Well, one thing it does is give you a clearer idea of the true cost of something you are going to buy — is it worth the amount of time you are going to have to put in at your lousy day job to pay for it? So as you’re thinking about, say, buying that cute pair of shoes that are on sale for $44, you ask yourself is it worth 11 hours of time at work? In other words, it can help you keep your spending down, and that’s great.

But the real issue for you as a creator is time and energy.

When you come home after an eight hour day and an hour-long commute both ways doing a job you don’t like, you’re worn out and weary. Who wouldn’t be? Probably the last thing you want to do is drag yourself out to rehearse all evening, or go to an audition, or sit down at a desk to write a play or novel. You just want to settle down with a glass of wine and Chinese takeout and watch Downton Abbey on cable. And pretty soon you look up and months have passed since you’ve done anything creative. Which, in turn, leads to a crisis — you beat yourself up, calling yourself a slacker and questioning your talent and whether you possess the “desire” that your college teachers told you separated those who “make it” from those who are also-rans.

But actually, the fact is that a human being has only so much energy, and spending 10 hours a week commuting and 40 hours a week doing a job that you dislike sucks up energy like a sponge.

It’s not you, it’s not your “desire,” it’s just a fact of human existence.

That’s why I think the crucial idea in this part of Your Money or Your Life is what I underlined above: “if you didn’t need that money-earning job, what time expenditures and monetary expenses would disappear from your life.”

By looking at how much money you are really making each week, you have a clear idea of how much money you need to make doing your art and ancillary work (I’ll define ancillary work in a later post) to keep your current standard of living. The example above isn’t even complete. If you are grossing $440 a week, I’d estimate that at least $100 of that is taken off the top for federal and state taxes, local taxes (if you live in NYC), and FICA. Also subtract whatever your state’s sales tax is — that’s coming out of your net income, too. So in the above example, once you subtract taxes and the “adjustments” Robin lists, you end up with $180 a week!

Now you have a clear number to shoot for, and can ask yourself a very focused question: what can I do that uses my creative energy that will make $180 a week?

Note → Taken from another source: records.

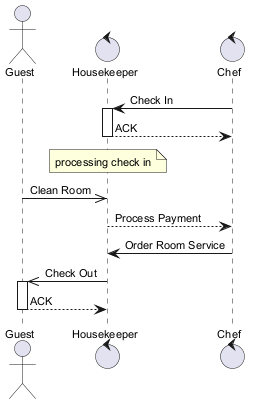

The diagram above was rendered by PlantUML. Its source (embedded in the PNG):
@startuml
skinparam backgroundColor #FFFFFF
skinparam classBackgroundColor #E8F4FA
skinparam classBorderColor #2C7DA0
skinparam defaultFontSize 11
actor "Guest" as G
control "Housekeeper" as H
control "Chef" as C
C -> H : Check In
activate H
H --> C : ACK
deactivate H
note over H : processing check in
G ->> H : Clean Room
H --> C : Process Payment
C -> H : Order Room Service
H ->> G : Check Out
activate G
G --> H : ACK
deactivate G
@enduml
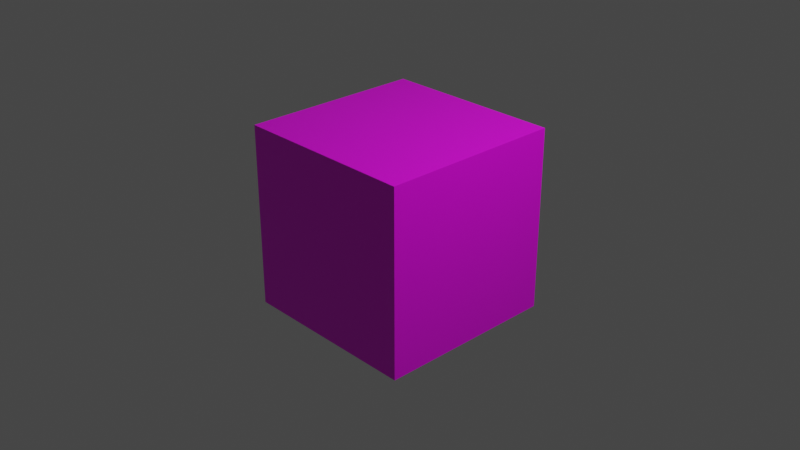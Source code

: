 # Source: block_green.blend  (saved by Blender 2.82.7; exported with 4.5.12 LTS)
import bpy
from mathutils import Matrix  # noqa: F401  (used for matrix-valued properties, if any)

bpy.ops.wm.read_factory_settings(use_empty=True)
scene = bpy.context.scene
scene.name = 'Scene'

# ---- collections
col_collection = bpy.data.collections.new('Collection'); scene.collection.children.link(col_collection)

# ---- images (referenced by path relative to the original .blend; pixels are not part of the script)
import os
ASSET_DIR = os.environ.get("B2B_ASSET_DIR", "")  # directory of the original .blend (textures are referenced by path, not embedded)
HERE = os.path.dirname(os.path.abspath(__file__))  # packed textures are extracted next to this script under _unpacked/

def load_image(name, relpath, width, height, colorspace="sRGB"):
    """Load a texture the original file referenced (path relative to the .blend, or extracted next to this script)."""
    p = next((c for c in (os.path.join(HERE, relpath), os.path.join(ASSET_DIR, relpath)) if relpath and os.path.exists(c)), "")
    if p:
        img = bpy.data.images.load(p, check_existing=True)
        img.name = name
    else:  # same state as the original file: an image datablock whose file is absent (Cycles renders it pink)
        img = bpy.data.images.new(name, width, height)
        img.source = "FILE"
        img.filepath = "//" + (relpath or name)
    img.colorspace_settings.name = colorspace
    return img
img_material_base_color = load_image('Material Base Color', 'gradient_map.png', 1024, 1024, 'sRGB')

# ---- materials (node trees are filled in below, after node groups)
mat_material = bpy.data.materials.new('Material')
mat_material.alpha_threshold = 0.0
mat_material.use_transparent_shadow = False
mat_material.line_color = (0.0, 0.0, 0.0, 1.0)

# ---- material node trees
mat_material.use_nodes = True; mat_material.node_tree.nodes.clear()
_N = mat_material.node_tree.nodes; _L = mat_material.node_tree.links
n0 = _N.new('ShaderNodeOutputMaterial'); n0.name = 'Material Output'; n0.location = (300, 300)
n1 = _N.new('ShaderNodeBsdfPrincipled'); n1.name = 'Principled BSDF'; n1.location = (10, 300)
n1.distribution = 'GGX'
n1.subsurface_method = 'BURLEY'
n1.inputs[2].default_value = 0.4
n1.inputs[3].default_value = 1.45
n1.inputs[27].default_value = (0.0, 0.0, 0.0, 1.0)
n1.inputs[28].default_value = 1.0
n2 = _N.new('ShaderNodeTexImage'); n2.name = 'Image Texture'; n2.location = (-280, 270)
n2.image = img_material_base_color
_L.new(n1.outputs[0], n0.inputs[0])
_L.new(n2.outputs[0], n1.inputs[0])
n0.is_active_output = True

# ---- world
world_world = bpy.data.worlds.new('World'); scene.world = world_world
world_world.use_nodes = True; world_world.node_tree.nodes.clear()
_N = world_world.node_tree.nodes; _L = world_world.node_tree.links
n0 = _N.new('ShaderNodeOutputWorld'); n0.name = 'World Output'; n0.location = (300, 300)
n1 = _N.new('ShaderNodeBackground'); n1.name = 'Background'; n1.location = (10, 300)
n1.inputs[0].default_value = (0.05088, 0.05088, 0.05088, 1.0)
_L.new(n1.outputs[0], n0.inputs[0])
n0.is_active_output = True
world_world.color = (0.05088, 0.05088, 0.05088)
world_world.use_sun_shadow = False
world_world.sun_shadow_jitter_overblur = 0.0

# ---- cameras
cam_camera = bpy.data.cameras.new('Camera')
cam_camera.clip_end = 100.0
cam_camera.ortho_scale = 7.314

# ---- lights
light_light = bpy.data.lights.new('Light', 'POINT')
light_light.transmission_factor = 0.0
light_light.energy = 1000.0
light_light.shadow_soft_size = 0.1
light_light.shadow_maximum_resolution = 0.006
light_light.use_absolute_resolution = True

# ---- meshes
me_cube = bpy.data.meshes.new('Cube')
me_cube.from_pydata([(1.0, 1.0, 1.0), (1.0, 1.0, -1.0), (1.0, -1.0, 1.0), (1.0, -1.0, -1.0), (-1.0, 1.0, 1.0), (-1.0, 1.0, -1.0), (-1.0, -1.0, 1.0), (-1.0, -1.0, -1.0)], [], [(0, 4, 6, 2), (3, 2, 6, 7), (7, 6, 4, 5), (5, 1, 3, 7), (1, 0, 2, 3), (5, 4, 0, 1)])
_uv = me_cube.uv_layers.new(name='GradientUVMap')
_uv.uv.foreach_set('vector', [0.07124, 0.9927, 0.07707, 0.9927, 0.07707, 0.9992, 0.07124, 0.9992, 0.1105, 0.8781, 0.1105, 0.999, 0.1067, 0.999, 0.1067, 0.8781, 0.1008, 0.877, 0.1008, 0.9987, 0.09432, 0.9987, 0.09432, 0.877, 0.06635, 0.8778, 0.07262, 0.8778, 0.07262, 0.8844, 0.06635, 0.8844, 0.1193, 0.8772, 0.1193, 0.9984, 0.1156, 0.9984, 0.1156, 0.8772, 0.08839, 0.8773, 0.08839, 0.9984, 0.08322, 0.9984, 0.08322, 0.8773])
me_cube.materials.append(mat_material)
me_cube.use_remesh_preserve_volume = False
me_cube.use_remesh_preserve_attributes = False
me_cube.use_mirror_vertex_groups = False
me_cube.update()

# ---- objects
ob_cube = bpy.data.objects.new('Cube', me_cube)
ob_light = bpy.data.objects.new('Light', light_light)
ob_camera = bpy.data.objects.new('Camera', cam_camera)

# ---- transforms, parenting, visibility, modifiers, constraints
ob_cube.location = (0.0, 0.0, 0.0)
ob_cube.lock_rotations_4d = False
ob_cube.empty_display_type = 'ARROWS'
ob_cube.lineart.crease_threshold = 0.0
ob_light.location = (4.076, 1.005, 5.904)
ob_light.rotation_euler = (0.6503, 0.05522, 1.866)
ob_light.lock_rotations_4d = False
ob_light.empty_display_type = 'ARROWS'
ob_light.color = (0.0, 0.0, 0.0, 0.0)
ob_light.lineart.crease_threshold = 0.0
ob_camera.location = (7.359, -6.926, 4.958)
ob_camera.rotation_euler = (1.109, 0.0, 0.8149)
ob_camera.lock_rotations_4d = False
ob_camera.empty_display_type = 'ARROWS'
ob_camera.color = (0.0, 0.0, 0.0, 0.0)
ob_camera.display_type = 'WIRE'
ob_camera.lineart.crease_threshold = 0.0

# ---- collection membership
col_collection.objects.link(ob_cube)
col_collection.objects.link(ob_light)
col_collection.objects.link(ob_camera)

# ---- scene / render settings (as saved in the file)
scene.camera = ob_camera
scene.frame_start = 1; scene.frame_end = 250; scene.frame_set(1)
scene.render.engine = 'BLENDER_EEVEE_NEXT'
scene.cycles.use_denoising = False
scene.cycles.samples = 128
scene.cycles.sampling_pattern = 'TABULATED_SOBOL'
scene.cycles.use_adaptive_sampling = False
scene.cycles.use_light_tree = False
scene.view_settings.view_transform = 'Filmic'
bpy.context.view_layer.update()

I don’t know about you, but that seems a lot more doable. I could face that question without getting sick to my stomach. If you generated $10,000 a year without all the time and extra expenses of working for someone else at a job that sucks your life energy like a vacuum cleaner, not only would your standard of living be virtually the same, but you’d have time and energy to be creative.

Isn’t that the goal?

So try out Dominguez and Robin’s exercise and get a clear idea of how much you are really making an hour.